INFORMATION |

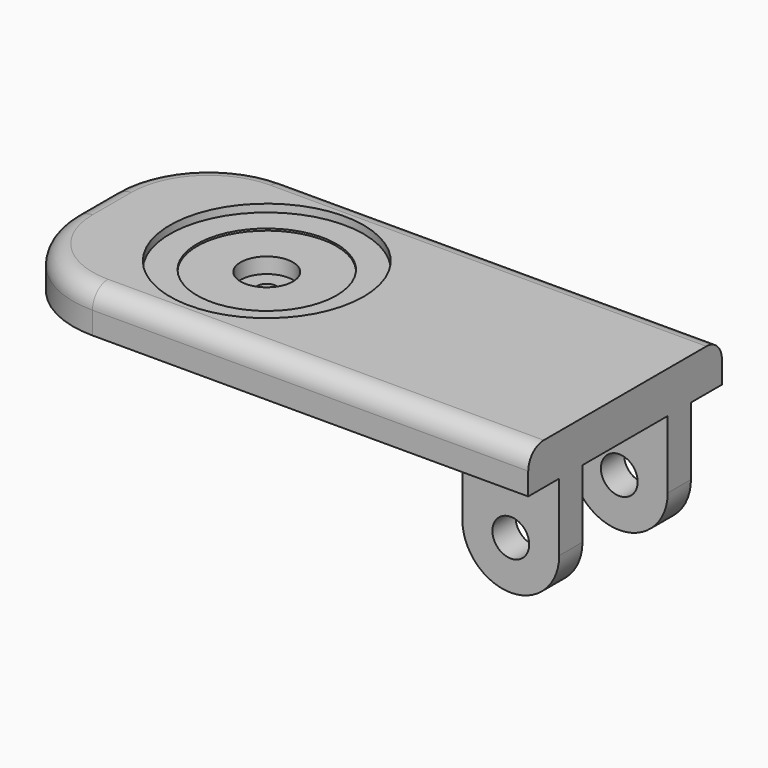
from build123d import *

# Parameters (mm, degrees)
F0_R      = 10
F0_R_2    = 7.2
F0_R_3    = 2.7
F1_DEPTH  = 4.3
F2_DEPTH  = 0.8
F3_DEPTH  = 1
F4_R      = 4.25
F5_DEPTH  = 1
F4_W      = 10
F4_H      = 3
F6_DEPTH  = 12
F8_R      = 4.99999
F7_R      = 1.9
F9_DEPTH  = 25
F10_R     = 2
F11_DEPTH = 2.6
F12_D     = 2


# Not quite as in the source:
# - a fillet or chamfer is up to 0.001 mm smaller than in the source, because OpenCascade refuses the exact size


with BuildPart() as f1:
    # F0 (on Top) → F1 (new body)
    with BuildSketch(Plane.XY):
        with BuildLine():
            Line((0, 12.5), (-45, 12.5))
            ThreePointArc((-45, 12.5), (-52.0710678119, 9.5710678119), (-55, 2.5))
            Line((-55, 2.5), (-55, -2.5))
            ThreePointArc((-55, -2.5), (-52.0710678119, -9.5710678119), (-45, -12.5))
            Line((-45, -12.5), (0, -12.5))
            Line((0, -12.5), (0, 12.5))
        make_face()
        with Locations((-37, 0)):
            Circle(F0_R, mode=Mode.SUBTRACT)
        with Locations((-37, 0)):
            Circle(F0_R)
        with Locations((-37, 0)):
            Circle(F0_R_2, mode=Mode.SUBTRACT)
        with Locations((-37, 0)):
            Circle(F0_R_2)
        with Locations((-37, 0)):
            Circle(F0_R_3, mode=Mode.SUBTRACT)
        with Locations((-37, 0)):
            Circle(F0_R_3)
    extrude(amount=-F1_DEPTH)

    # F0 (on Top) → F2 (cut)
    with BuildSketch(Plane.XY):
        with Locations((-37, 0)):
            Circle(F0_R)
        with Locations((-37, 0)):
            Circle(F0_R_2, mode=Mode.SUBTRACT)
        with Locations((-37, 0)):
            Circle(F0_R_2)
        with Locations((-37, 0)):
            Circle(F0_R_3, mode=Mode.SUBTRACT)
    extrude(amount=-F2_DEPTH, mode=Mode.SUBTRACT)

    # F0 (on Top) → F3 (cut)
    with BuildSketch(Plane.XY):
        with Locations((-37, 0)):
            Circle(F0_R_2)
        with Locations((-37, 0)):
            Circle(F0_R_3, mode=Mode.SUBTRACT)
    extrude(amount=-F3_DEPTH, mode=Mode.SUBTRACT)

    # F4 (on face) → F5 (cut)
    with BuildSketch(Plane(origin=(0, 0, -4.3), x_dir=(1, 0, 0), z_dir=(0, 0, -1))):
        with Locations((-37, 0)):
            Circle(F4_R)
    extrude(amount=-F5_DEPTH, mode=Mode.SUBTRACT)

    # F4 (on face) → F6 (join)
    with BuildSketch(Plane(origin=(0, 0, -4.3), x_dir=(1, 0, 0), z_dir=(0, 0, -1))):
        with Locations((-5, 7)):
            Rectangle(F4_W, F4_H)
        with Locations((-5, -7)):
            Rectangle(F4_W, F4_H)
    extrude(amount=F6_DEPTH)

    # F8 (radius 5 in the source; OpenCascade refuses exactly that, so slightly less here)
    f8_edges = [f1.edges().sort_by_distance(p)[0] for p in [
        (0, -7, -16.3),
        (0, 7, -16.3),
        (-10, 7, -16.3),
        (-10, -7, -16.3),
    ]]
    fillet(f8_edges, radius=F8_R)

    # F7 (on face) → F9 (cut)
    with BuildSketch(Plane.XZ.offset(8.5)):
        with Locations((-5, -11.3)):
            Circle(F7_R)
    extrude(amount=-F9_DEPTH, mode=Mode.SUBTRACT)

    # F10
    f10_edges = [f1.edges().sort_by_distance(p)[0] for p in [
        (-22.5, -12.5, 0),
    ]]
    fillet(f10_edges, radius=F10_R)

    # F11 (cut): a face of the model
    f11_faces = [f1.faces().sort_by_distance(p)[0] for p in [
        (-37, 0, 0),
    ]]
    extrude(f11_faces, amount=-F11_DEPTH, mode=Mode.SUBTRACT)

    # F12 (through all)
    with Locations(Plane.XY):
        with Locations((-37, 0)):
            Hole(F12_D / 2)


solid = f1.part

DESCRIPTION OF THE TASK |
From the material above, copy each line that includes the word "fillet".

TASK RESULT |
# - a fillet or chamfer is up to 0.001 mm smaller than in the source, because OpenCascade refuses the exact size
    fillet(f8_edges, radius=F8_R)
    fillet(f10_edges, radius=F10_R)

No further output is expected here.